| INPUT RECORDS |

::::

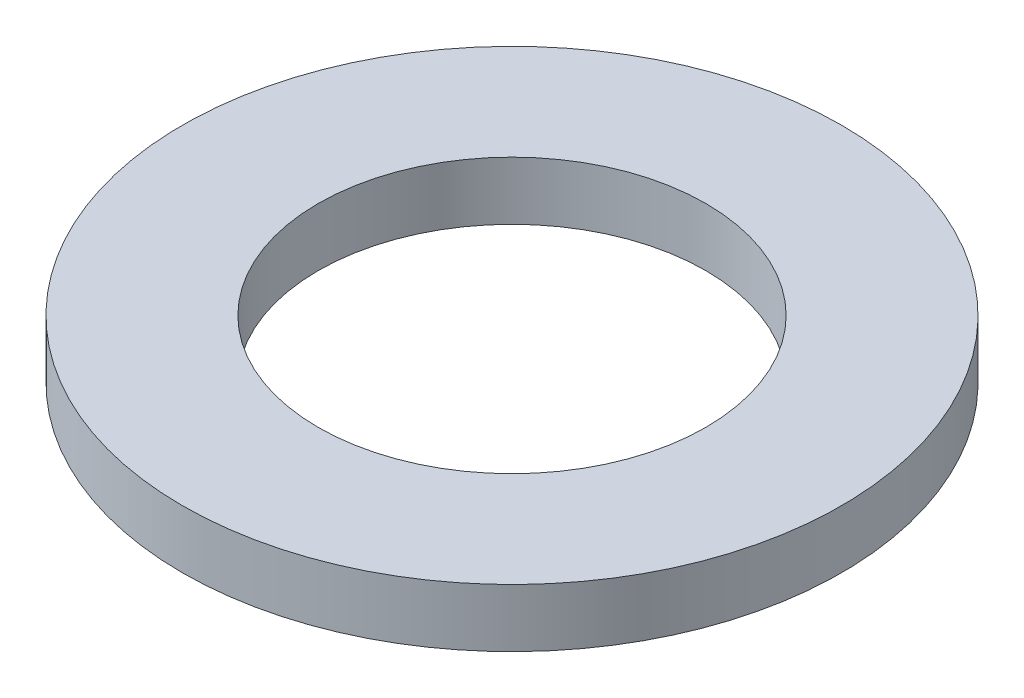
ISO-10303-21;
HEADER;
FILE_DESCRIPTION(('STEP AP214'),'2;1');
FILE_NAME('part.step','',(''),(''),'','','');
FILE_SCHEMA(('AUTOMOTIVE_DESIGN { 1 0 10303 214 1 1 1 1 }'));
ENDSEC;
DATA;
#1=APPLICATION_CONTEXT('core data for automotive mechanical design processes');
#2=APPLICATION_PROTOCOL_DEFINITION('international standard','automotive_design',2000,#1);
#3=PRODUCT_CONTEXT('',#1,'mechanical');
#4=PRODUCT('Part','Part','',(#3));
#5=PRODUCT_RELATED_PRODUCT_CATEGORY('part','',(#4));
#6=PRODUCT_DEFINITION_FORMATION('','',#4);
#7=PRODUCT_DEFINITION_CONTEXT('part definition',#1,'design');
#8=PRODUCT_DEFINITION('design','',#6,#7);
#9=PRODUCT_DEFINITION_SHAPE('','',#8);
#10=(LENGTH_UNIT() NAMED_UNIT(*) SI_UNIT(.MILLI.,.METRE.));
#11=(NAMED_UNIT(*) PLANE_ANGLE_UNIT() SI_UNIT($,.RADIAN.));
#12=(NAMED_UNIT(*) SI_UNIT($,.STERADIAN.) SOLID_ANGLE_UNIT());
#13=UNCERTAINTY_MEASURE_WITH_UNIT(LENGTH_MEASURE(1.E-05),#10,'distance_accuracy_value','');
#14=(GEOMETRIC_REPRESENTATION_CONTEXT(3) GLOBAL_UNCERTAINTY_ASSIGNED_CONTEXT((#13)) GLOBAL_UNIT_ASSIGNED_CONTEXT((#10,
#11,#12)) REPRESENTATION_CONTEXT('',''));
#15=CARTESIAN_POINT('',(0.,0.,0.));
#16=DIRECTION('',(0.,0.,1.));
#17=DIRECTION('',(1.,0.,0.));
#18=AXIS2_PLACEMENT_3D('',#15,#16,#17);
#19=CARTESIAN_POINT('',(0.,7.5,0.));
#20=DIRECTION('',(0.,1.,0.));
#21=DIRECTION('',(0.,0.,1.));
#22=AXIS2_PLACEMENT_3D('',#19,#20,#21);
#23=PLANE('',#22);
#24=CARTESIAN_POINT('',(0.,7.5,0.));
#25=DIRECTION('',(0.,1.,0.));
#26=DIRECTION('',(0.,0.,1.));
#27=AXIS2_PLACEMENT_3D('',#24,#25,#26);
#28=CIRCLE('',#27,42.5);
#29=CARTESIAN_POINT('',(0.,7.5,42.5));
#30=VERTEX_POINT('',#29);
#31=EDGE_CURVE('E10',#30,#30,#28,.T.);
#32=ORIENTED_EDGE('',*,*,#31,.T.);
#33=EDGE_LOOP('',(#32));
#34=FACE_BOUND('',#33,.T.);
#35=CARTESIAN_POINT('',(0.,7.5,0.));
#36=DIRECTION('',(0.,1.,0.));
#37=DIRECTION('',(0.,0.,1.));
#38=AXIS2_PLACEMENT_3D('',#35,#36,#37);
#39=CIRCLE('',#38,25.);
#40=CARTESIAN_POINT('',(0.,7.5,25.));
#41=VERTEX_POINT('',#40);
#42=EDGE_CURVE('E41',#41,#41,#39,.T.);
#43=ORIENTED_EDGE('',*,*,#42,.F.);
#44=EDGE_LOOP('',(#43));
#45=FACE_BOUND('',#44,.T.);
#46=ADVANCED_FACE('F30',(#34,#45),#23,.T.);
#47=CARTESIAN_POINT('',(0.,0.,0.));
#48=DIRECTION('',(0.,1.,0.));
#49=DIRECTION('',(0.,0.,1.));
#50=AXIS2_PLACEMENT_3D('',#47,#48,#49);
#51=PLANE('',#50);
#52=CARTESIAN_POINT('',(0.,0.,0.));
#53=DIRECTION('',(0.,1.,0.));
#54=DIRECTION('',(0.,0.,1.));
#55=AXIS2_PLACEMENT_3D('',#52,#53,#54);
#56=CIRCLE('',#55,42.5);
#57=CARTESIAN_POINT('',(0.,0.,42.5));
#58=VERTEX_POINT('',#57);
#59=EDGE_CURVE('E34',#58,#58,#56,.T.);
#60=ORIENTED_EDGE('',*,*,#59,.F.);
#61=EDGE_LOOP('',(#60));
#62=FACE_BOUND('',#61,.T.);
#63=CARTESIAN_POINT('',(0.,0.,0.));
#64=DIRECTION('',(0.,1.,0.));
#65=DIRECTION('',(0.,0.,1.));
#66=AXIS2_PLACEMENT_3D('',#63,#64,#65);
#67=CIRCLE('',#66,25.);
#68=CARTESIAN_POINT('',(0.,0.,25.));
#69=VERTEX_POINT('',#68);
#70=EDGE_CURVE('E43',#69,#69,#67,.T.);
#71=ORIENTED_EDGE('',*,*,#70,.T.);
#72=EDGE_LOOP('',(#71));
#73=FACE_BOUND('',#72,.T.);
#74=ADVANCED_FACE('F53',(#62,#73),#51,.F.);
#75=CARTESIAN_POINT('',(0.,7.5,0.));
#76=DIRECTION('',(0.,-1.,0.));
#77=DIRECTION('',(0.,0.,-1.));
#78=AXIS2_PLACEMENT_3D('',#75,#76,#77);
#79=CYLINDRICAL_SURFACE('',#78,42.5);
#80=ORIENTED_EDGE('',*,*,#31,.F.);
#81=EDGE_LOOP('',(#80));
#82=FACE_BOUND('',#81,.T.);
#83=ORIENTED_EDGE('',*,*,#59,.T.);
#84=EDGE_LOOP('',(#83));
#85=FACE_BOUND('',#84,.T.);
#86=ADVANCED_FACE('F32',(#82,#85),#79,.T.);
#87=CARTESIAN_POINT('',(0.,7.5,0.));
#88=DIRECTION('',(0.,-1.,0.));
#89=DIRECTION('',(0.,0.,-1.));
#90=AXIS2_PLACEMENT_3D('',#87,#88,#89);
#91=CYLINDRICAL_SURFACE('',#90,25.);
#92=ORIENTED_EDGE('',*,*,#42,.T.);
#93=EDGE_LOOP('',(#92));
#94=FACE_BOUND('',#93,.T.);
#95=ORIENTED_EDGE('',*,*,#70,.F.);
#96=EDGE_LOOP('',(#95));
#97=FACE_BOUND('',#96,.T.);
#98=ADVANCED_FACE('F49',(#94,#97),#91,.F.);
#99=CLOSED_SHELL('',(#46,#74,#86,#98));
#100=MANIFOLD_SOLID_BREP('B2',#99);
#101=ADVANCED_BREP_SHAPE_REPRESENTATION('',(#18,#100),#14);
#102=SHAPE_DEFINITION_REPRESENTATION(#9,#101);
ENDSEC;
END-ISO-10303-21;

::::

An exact copy of the lines above, from the one containing "#90=AXIS2_PLACEMENT_3D('',#87,#88,#89);" through the one containing "#97=FACE_BOUND('',#96,.T.);", is the whole of the answer.

| COMPLETED EXERCISE |
#90=AXIS2_PLACEMENT_3D('',#87,#88,#89);
#91=CYLINDRICAL_SURFACE('',#90,25.);
#92=ORIENTED_EDGE('',*,*,#42,.T.);
#93=EDGE_LOOP('',(#92));
#94=FACE_BOUND('',#93,.T.);
#95=ORIENTED_EDGE('',*,*,#70,.F.);
#96=EDGE_LOOP('',(#95));
#97=FACE_BOUND('',#96,.T.);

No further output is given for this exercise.